I had remembered something about the studies of oral storytellers as applied to the Iliad and thought of it as a (perhaps rare) example of an “orality theory” done right: it produced concrete results; it explained specific bits of Iliad text that had confused earlier scholars. Even if the Iliad’s “orality theory” eventually is overthrown or revised (I’m not up on the Iliad anymore, but I’m vaguely aware that there has been some strong push against the status quo there recently) it will have at least pushed the scholarship of that text forward in useful ways.
Turning to the NT, though, I’m not seeing orality producing anything like the results that it had on Iliad studies. Orality in the NT tends to be something that is asserted but which fails to provide any predictions, explanations and other useful things.

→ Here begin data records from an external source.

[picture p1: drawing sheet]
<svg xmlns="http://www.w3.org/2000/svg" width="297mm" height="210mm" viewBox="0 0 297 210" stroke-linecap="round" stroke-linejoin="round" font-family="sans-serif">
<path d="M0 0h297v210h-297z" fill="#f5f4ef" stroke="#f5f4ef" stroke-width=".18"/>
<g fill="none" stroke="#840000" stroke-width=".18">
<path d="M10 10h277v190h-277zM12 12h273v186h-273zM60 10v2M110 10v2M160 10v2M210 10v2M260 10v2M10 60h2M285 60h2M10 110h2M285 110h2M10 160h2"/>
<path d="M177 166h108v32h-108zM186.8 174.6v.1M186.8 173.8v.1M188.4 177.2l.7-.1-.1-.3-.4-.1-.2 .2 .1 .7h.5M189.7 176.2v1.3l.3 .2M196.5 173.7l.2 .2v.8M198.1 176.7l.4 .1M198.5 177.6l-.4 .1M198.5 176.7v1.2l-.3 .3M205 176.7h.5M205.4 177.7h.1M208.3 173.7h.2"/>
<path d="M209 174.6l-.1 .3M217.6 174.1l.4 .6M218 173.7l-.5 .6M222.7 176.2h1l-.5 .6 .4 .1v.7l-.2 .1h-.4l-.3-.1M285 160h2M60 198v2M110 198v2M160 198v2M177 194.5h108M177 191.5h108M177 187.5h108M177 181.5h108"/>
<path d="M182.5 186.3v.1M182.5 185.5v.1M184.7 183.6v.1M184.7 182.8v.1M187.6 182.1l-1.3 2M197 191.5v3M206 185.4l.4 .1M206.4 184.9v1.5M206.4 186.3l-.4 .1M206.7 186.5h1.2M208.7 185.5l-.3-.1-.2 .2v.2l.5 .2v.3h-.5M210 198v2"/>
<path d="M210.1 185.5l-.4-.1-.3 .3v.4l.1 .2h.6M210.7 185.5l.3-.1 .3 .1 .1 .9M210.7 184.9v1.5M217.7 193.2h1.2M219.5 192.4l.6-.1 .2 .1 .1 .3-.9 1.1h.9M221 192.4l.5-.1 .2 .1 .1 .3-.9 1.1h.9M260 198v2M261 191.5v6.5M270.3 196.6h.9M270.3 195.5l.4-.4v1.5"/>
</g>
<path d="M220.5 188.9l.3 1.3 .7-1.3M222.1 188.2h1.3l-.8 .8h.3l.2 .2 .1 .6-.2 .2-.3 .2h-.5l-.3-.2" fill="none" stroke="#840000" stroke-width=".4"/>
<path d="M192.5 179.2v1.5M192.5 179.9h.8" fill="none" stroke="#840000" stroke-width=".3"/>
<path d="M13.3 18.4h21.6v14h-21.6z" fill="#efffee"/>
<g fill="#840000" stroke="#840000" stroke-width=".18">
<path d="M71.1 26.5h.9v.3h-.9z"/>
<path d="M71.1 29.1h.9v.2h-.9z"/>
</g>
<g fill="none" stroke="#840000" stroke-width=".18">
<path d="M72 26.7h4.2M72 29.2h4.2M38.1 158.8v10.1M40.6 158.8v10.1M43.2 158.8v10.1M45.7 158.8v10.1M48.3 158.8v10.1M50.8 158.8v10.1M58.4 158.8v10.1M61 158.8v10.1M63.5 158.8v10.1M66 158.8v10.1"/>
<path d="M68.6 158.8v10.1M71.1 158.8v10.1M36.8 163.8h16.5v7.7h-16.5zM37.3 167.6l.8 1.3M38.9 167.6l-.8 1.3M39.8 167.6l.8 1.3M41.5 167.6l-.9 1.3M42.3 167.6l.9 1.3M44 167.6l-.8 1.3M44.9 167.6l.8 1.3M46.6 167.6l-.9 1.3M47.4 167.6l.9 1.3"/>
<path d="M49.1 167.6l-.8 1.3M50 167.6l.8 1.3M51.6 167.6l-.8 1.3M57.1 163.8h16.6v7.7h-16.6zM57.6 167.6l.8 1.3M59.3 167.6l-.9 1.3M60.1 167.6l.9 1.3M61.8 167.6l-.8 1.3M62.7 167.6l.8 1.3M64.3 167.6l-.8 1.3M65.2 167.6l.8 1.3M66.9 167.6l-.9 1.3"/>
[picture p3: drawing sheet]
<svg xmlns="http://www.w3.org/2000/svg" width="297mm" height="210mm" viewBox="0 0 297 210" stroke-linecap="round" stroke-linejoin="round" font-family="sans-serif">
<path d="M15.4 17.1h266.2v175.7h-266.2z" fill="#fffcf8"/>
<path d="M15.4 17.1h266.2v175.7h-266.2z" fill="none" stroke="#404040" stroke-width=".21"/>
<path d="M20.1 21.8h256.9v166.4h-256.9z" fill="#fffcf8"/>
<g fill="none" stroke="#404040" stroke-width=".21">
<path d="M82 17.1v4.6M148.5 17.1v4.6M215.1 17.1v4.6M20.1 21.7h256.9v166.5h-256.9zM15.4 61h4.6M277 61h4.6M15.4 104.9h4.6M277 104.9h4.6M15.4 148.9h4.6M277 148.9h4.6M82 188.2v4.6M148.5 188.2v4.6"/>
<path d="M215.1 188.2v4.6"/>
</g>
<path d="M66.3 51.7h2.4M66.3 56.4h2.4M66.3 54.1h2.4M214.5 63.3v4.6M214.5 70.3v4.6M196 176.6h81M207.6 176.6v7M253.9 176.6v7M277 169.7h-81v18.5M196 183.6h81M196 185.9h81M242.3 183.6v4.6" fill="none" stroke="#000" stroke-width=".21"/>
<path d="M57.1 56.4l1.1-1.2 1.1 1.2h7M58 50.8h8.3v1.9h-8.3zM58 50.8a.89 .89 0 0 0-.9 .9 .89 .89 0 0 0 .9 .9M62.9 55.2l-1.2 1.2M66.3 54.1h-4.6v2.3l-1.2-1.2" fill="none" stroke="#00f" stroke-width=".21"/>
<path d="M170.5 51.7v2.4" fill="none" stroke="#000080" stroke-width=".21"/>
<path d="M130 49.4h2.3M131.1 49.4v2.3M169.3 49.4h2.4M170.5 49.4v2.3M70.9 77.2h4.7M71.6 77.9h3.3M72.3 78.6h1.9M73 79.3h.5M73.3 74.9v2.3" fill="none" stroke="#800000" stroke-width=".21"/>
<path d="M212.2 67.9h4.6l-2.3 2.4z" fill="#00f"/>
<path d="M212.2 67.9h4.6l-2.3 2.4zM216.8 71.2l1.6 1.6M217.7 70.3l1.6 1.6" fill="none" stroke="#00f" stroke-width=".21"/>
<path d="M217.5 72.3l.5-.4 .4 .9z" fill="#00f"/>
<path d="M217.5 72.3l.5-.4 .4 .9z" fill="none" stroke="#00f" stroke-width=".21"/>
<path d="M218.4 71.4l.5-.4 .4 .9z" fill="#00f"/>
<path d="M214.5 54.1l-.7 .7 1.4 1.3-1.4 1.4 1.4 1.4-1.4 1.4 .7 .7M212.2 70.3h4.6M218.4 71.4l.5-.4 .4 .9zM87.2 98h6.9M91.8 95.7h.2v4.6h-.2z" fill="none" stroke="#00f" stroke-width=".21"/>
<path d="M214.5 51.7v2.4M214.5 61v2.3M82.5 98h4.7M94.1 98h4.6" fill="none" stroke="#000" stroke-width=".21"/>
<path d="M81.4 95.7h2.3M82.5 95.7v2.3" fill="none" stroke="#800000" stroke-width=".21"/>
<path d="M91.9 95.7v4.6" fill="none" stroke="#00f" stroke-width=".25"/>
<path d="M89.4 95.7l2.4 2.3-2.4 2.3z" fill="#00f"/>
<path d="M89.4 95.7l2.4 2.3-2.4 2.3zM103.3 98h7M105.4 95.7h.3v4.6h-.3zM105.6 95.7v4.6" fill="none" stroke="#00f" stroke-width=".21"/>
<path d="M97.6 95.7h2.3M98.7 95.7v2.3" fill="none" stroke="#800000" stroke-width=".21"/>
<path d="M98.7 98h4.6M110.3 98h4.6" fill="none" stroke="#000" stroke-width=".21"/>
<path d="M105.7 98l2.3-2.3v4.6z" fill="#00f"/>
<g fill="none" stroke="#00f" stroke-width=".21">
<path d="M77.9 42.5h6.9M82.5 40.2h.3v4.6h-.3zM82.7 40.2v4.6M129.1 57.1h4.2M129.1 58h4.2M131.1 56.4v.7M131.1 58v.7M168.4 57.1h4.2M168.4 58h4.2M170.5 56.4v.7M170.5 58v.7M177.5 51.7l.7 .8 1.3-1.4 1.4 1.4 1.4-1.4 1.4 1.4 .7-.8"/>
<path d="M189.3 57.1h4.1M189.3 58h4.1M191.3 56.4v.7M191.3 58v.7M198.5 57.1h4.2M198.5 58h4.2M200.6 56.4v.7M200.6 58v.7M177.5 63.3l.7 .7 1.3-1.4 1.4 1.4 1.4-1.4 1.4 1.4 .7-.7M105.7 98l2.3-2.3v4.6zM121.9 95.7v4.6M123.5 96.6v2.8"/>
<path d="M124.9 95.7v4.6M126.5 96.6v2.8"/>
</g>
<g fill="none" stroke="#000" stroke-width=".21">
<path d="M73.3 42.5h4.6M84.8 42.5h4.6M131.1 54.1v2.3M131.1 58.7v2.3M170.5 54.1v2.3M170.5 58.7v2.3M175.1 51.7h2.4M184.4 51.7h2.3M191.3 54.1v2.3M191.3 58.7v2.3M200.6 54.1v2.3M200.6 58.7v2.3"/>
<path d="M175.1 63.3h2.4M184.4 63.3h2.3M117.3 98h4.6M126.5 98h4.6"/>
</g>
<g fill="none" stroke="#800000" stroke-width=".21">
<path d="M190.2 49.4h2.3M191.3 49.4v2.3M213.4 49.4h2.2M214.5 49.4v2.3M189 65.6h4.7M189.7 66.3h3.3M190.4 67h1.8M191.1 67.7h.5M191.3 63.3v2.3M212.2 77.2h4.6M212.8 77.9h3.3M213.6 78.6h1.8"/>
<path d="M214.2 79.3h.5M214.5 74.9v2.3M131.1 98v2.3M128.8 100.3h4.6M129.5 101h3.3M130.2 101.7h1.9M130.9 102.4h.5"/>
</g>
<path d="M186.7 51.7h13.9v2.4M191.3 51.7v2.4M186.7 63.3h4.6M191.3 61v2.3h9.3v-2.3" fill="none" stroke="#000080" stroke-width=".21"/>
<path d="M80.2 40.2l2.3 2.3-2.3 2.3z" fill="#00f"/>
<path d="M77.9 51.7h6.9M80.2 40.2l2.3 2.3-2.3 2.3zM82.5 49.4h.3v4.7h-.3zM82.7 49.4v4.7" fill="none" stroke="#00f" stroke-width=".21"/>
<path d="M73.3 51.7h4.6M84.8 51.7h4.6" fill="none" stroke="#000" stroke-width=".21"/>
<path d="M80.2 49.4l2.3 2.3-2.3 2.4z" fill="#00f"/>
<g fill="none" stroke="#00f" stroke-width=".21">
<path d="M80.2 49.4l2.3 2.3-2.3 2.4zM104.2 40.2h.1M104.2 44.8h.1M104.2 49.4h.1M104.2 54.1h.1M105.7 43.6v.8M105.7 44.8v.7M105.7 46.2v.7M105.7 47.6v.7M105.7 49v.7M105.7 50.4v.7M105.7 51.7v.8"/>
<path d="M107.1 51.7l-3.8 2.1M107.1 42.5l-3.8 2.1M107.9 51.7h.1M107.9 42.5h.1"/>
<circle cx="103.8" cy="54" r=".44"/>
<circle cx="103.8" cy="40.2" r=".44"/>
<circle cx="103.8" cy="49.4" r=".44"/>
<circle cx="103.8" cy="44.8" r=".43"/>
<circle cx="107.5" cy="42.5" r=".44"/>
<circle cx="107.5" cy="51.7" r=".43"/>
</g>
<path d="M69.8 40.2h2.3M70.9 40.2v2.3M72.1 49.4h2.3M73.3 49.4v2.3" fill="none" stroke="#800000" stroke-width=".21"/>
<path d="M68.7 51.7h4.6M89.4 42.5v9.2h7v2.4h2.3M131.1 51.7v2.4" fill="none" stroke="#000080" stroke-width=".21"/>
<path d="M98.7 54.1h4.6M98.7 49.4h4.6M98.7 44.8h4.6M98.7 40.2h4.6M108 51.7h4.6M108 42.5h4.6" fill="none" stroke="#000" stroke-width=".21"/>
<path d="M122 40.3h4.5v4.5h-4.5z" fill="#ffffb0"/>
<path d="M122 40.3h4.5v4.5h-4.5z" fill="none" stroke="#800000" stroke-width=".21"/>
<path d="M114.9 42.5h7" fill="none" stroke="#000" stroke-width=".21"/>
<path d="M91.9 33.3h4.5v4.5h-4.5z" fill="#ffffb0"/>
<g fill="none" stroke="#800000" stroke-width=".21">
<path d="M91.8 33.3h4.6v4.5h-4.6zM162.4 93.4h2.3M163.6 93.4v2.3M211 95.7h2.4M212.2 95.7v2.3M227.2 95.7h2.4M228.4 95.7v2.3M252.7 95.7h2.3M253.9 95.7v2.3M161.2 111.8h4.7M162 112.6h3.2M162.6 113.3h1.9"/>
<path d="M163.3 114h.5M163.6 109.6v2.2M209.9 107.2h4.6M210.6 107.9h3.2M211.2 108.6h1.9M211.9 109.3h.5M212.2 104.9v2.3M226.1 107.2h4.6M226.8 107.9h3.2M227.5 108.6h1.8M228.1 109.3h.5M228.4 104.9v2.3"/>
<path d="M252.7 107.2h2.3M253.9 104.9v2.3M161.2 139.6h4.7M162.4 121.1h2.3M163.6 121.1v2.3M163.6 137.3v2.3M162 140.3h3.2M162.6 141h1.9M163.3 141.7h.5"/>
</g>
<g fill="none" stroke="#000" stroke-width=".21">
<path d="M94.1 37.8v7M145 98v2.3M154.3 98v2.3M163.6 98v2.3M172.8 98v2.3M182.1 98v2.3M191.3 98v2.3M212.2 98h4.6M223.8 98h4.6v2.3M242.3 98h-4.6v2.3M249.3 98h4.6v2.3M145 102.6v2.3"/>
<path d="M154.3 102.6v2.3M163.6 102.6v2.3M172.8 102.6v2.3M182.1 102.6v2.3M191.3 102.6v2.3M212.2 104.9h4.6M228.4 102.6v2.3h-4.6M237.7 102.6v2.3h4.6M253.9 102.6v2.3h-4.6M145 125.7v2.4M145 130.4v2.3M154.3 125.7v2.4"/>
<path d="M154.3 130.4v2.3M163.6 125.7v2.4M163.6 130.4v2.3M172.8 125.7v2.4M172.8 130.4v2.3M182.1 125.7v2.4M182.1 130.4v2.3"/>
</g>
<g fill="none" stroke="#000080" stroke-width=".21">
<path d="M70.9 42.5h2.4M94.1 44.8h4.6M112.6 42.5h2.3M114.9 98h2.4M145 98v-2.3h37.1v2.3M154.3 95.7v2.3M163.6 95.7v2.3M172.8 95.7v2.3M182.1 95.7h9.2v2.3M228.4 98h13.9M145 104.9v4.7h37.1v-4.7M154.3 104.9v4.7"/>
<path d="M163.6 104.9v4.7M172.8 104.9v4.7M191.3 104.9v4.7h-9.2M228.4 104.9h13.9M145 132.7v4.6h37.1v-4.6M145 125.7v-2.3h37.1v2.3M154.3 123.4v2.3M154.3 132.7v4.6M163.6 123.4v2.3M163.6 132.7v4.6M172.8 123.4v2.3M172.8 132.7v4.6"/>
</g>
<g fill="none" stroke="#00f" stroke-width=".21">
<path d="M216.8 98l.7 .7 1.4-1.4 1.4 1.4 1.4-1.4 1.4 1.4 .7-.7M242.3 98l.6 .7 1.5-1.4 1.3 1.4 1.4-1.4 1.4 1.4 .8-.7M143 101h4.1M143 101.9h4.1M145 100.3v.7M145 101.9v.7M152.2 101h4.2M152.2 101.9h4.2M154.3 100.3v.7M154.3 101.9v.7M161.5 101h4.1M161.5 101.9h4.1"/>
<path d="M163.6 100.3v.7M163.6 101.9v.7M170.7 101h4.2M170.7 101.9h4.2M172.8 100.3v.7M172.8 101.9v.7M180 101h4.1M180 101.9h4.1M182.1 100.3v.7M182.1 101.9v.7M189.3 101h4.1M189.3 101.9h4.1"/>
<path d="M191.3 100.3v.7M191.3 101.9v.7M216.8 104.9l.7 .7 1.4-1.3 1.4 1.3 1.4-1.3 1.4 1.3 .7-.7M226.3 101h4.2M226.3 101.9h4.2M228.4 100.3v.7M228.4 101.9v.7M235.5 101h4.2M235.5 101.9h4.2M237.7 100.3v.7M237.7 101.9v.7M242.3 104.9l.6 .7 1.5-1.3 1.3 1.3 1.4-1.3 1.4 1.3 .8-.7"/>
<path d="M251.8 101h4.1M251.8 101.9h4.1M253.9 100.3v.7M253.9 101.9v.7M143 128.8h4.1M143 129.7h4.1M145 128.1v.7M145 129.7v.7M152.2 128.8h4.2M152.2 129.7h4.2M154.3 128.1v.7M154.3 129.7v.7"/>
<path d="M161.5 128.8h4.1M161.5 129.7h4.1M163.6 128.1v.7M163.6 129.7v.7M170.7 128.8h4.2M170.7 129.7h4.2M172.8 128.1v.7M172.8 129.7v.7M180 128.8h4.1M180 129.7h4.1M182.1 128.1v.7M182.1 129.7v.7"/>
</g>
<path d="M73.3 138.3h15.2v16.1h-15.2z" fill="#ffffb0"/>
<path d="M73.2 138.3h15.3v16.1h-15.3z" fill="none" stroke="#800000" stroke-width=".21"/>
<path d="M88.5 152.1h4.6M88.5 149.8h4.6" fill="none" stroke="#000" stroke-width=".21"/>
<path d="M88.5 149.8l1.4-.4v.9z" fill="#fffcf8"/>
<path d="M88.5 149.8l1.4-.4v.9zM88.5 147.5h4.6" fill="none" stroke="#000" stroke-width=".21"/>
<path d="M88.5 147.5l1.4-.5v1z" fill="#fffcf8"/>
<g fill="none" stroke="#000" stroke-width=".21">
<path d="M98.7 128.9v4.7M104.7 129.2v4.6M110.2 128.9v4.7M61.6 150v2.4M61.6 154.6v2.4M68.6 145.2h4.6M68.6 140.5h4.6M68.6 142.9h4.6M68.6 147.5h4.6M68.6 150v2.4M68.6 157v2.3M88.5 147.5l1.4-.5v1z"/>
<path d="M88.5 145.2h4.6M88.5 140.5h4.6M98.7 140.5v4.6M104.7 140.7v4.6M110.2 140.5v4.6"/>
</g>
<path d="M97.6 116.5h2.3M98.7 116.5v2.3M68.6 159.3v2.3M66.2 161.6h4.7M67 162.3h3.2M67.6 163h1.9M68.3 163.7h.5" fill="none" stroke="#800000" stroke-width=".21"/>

Yes, I made up a little graphic for another post that illustrated the way scholars today tend to see the way the Homeric epics came to their final form:
http://vridar.org/2012/10/18/did-a-single-author-write-genesis-ii-kings-demise-of-the-documentary-hypothesis/
Thanks for the link, Neil. I had not seen that post before. Very helpful. Just tonight, I re-read Thompson’s take on the story of Moses, and it struck me that the story of Moses in Exodus was a reaction to an older tradition (that transmitted by Hecataeus of Abdera, for example), not a rewriting/redaction/interpolation of that tradition.